Witamy serdecznie na stronie internetowej Oddziału Łódzkiego
Katolickiego Stowarzyszenia Dziennikarzy.

Mamy nadzieję, że ułatwimy Państwu docieranie do rzetelnej informacji. Tutaj chcemy prezentować wielkość oraz problemy naszego Kościoła, zagadnienia społeczne, cywilizacyjne, publikacje członków Stowarzyszenia, stanowiska w ważnych kwestiach. Nie będziemy konkurować w informacjach bieżących z innymi portalami (niektóre z nich wskazujemy w odnośnikach), natomiast gorąco zapraszamy do lektury wszystkich tekstów - ich aktualność znacznie przekracza czas prezentacji na stronie głównej. Zachęcamy do korzystania z odnośników: "Publikacje" i "Polecane". Mamy nadzieję na stały rozwój strony dzięki aktywnej współpracy użytkowników. Z góry dziękujemy za materiały, uwagi, propozycje.
Prosimy kierować je na adres: lodz@katolickie.media.pl

Nawet ostra krytyka aborterów jest dopuszczalna! Sąd uniewinnił rzeszowskich działaczy pro-life

Jacek Kotula i Przemysław Sycz nie złamali prawa protestując przeciwko zabijaniu chorych, nienarodzonych dzieci w szpitalu Pro Familia w Rzeszowie. Sąd Okręgowy w Rzeszowie uznał, że działania obrońców życia nie przekraczały granicy prawa, a w całej sprawie nie należy mówić o zniesławieniu, ale raczej o granicach wolności słowa.


- Sąd odwoławczy wyraźnie uznał, że była to sprawa traktująca o granicach wypowiedzi, a nie o zniesławienie i nie dopatrzył się bezprawności w naszych działaniach. Sąd wskazał, że choć nasza krytyka była dla niektórych oburzająca, to jednak była ona dopuszczalna w demokratycznym kraju – powiedział nam Jacek Kotula z rzeszowskiej Fundacji Pro Prawo do Życia.

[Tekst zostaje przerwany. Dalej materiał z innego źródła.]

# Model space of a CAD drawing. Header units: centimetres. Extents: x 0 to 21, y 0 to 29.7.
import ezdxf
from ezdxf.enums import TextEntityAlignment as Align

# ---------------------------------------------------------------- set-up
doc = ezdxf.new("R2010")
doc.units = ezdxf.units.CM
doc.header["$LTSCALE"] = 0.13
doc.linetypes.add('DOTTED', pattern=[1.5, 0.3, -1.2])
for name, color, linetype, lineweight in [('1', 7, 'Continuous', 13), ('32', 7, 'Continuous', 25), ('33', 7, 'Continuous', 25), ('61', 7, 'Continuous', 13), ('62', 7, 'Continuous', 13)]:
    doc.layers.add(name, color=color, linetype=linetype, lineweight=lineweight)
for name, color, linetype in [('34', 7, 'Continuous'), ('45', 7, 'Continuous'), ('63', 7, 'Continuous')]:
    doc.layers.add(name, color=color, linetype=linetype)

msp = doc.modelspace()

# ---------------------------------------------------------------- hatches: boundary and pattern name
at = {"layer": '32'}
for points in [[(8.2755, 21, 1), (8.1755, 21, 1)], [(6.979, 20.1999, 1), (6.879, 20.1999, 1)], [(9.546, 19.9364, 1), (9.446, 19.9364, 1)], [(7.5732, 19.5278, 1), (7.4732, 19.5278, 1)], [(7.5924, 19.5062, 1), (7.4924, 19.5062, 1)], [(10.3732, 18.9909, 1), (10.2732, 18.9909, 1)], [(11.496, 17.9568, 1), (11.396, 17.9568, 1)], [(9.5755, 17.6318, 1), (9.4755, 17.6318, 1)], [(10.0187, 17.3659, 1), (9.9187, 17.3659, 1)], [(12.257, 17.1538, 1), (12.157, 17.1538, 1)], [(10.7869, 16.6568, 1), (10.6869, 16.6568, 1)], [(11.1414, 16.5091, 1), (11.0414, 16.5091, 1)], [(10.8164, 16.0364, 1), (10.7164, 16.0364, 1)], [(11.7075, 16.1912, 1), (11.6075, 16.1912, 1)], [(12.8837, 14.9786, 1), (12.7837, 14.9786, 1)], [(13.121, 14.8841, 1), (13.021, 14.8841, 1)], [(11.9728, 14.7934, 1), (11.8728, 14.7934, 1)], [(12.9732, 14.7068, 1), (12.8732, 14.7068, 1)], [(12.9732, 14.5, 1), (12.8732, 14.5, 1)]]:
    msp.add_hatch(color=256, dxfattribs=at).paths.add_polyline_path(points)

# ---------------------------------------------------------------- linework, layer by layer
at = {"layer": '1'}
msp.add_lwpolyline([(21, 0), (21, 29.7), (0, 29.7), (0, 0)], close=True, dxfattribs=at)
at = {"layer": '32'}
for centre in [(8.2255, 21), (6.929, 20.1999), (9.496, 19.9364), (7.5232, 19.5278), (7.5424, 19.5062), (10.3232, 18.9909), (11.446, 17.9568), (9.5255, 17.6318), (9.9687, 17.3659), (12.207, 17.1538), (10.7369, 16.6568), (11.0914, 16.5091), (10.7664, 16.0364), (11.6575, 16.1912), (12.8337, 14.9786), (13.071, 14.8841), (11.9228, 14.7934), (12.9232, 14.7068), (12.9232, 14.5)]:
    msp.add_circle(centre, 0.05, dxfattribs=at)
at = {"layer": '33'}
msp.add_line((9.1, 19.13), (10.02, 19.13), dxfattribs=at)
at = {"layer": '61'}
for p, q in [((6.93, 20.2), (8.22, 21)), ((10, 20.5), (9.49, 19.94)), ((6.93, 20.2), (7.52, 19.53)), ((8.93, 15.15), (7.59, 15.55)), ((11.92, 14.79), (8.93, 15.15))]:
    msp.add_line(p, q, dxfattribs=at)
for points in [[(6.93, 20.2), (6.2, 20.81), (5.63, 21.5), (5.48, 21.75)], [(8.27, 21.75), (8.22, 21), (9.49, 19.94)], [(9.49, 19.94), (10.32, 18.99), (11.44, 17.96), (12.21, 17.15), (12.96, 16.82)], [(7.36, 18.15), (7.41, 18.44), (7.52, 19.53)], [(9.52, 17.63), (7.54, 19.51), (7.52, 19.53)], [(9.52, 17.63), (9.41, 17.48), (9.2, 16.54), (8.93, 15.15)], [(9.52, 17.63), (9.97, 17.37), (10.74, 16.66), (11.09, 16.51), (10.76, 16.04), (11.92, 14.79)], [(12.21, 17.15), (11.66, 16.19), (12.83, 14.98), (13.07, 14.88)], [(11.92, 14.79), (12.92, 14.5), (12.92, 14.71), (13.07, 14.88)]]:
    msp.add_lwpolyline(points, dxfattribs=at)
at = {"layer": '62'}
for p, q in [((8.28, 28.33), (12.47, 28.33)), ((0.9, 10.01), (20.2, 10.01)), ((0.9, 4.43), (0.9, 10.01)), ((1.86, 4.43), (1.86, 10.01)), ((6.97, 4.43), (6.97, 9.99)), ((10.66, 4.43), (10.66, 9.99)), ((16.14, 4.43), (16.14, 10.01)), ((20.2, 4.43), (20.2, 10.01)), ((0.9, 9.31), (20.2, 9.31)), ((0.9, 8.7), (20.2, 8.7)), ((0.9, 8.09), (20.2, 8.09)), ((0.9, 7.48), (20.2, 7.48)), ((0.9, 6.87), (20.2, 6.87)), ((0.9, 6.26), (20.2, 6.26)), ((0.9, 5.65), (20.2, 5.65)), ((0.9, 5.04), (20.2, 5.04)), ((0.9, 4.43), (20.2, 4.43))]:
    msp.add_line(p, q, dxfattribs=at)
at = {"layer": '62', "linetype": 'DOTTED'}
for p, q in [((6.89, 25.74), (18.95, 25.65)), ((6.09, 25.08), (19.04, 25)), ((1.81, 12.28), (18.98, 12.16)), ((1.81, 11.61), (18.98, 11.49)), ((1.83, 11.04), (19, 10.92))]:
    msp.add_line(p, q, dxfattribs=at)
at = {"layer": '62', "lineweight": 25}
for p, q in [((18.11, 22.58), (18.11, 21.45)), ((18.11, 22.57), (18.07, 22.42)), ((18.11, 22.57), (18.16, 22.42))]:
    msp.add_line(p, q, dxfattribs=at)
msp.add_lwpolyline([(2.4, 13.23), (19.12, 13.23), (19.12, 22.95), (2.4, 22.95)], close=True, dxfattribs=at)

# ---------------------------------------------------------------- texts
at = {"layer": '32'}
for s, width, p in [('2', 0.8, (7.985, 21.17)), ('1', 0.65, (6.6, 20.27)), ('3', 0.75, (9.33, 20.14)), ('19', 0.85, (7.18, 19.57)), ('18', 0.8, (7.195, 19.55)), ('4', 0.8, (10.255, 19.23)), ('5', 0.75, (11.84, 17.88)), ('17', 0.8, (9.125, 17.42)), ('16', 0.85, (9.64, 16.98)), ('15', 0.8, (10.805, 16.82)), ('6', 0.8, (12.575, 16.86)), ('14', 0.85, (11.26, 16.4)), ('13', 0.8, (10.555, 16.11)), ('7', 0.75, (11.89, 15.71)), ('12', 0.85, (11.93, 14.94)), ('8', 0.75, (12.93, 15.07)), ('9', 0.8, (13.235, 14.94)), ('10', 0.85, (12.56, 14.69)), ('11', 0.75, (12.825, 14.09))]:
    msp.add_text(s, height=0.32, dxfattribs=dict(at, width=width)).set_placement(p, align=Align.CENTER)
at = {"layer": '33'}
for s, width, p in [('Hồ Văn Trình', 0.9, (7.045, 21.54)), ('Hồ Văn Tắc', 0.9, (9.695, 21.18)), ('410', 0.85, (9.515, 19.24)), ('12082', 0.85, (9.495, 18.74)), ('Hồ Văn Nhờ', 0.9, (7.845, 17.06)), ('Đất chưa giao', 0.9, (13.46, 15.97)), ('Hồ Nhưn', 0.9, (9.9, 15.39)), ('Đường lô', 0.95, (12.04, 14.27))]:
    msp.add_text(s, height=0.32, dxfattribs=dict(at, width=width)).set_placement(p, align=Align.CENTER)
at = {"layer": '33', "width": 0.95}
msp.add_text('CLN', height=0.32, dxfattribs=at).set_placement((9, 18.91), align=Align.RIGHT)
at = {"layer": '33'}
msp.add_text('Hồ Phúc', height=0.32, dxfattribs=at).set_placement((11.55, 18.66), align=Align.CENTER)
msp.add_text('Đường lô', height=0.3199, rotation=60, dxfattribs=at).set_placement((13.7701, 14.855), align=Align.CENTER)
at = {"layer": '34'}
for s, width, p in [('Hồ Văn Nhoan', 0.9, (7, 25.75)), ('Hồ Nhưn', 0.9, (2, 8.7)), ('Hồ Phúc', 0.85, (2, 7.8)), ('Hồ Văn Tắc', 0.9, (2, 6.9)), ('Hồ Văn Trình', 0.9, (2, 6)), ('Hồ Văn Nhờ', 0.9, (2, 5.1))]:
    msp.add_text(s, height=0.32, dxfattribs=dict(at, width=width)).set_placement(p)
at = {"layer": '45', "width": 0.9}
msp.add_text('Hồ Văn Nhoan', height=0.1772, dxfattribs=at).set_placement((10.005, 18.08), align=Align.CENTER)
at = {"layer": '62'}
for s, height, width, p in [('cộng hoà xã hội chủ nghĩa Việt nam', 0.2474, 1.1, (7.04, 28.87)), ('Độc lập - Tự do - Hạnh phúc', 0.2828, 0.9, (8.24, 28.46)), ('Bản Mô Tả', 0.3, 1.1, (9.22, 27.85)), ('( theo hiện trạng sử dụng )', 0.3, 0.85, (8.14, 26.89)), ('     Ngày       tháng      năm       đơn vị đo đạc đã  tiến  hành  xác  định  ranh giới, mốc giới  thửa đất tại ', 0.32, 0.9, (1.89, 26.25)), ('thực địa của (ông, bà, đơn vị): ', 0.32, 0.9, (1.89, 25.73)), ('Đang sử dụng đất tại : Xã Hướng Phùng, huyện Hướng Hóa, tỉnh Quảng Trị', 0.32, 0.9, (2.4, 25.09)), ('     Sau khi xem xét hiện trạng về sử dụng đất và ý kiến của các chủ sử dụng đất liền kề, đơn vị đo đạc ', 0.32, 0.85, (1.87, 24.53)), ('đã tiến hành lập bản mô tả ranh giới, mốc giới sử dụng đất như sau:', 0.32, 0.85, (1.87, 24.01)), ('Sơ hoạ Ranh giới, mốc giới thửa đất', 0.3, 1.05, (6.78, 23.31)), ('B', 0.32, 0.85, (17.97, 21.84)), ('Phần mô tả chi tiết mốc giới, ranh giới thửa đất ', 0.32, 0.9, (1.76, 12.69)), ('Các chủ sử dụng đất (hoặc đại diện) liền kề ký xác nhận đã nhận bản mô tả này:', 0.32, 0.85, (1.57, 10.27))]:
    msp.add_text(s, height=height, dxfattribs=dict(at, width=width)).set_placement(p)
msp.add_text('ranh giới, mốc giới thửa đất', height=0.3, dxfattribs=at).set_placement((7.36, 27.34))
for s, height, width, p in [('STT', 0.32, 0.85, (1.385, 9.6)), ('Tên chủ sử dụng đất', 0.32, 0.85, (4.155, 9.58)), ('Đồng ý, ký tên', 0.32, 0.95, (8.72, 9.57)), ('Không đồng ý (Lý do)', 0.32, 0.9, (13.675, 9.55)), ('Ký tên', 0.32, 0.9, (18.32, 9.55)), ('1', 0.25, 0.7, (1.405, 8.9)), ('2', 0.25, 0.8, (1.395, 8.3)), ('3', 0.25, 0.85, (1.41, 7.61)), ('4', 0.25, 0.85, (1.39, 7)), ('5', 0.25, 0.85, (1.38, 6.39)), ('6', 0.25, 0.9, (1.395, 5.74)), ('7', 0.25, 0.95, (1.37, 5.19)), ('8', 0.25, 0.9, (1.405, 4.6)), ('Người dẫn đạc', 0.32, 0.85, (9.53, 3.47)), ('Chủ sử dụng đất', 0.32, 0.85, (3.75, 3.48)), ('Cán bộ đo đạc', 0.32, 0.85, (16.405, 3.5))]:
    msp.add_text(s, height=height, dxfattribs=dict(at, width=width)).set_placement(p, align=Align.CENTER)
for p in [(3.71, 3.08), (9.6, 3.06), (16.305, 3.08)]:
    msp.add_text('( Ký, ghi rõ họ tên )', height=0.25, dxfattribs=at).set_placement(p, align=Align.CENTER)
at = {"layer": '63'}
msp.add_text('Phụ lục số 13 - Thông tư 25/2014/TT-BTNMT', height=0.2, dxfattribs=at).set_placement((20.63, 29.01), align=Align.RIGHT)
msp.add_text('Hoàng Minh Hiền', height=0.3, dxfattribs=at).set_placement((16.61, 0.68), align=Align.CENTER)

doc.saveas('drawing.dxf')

Co ważne, sąd zauważył fakt, że szpital korzysta ze środków publicznych i przeprowadza legalne aborcje, a zatem musi się liczyć z krytyką osób, które łożą na NFZ ze swoich podatków, a nie zgadzają się na takie praktyki.


- Sąd ocenił, że każdy rozsądny obywatel, przechodząc obok naszych pikiet, nie pomyślał sobie, że chodzi o zabijanie chorych dzieci w łóżkach szpitalnych, ale o aborcję. Wprawdzie przyznał, że dany podmiot ma prawo do prywatności, ale też druga strona ma prawo do krytyki w prawnie granicach wyznaczonych. Sąd ocenił, że nasze pikiety mogły szokować, poruszać, oburzać, ale też dodał, że forma debaty, która nie porusza, nie ma sensu. Z takim właśnie zamiarem działaliśmy – dodał Kotula.


Jak dodał, wyrok uniewinniający cieszy, bo nie ma wątpliwości, że aborcja jest zabijaniem i nie przeczą temu nawet sami aborterzy. Co istotne, sąd nie przeoczył też niedawnego wyroku Europejskiego Trybunału Praw Człowieka. Ten orzekł, iż mówienie krytycznie o aborcji – określanie jej mianem nielegalnej, ale dopuszczalnej i niekaranej, czy wręcz porównywanie jej do Holokaustu (prawo stało po stronie oprawców, usprawiedliwiając ich zbrodnie), mieści się w granicach dopuszczalnej krytyki.


Także we wtorek rzeszowski sąd uznał, że Jacek Kotula i Przemysław Sycz prowadzać ostrą kampanię, nie przekroczyli granicy nakreślonej przez Konstytucję RP, Europejską Konwencją Praw Człowieka oraz granicy wolności słowa. Wyrok jest prawomocny. Strony mogą wystąpić o jego kasację. Rzeszowskich działaczy pro life w sądzie wspierał adw. Jerzy Kwaśniewski z Instytutu Ordo Iuris.


Marcin Austyn

za:www.pch24.pl/nawet-ostra-krytyka-aborterow-jest-dopuszczalna--sad-uniewinnil-rzeszowskich-dzialaczy-pro-life,40147,i.html#ixzz3v4b7H04T

Copyright © 2017. All Rights Reserved.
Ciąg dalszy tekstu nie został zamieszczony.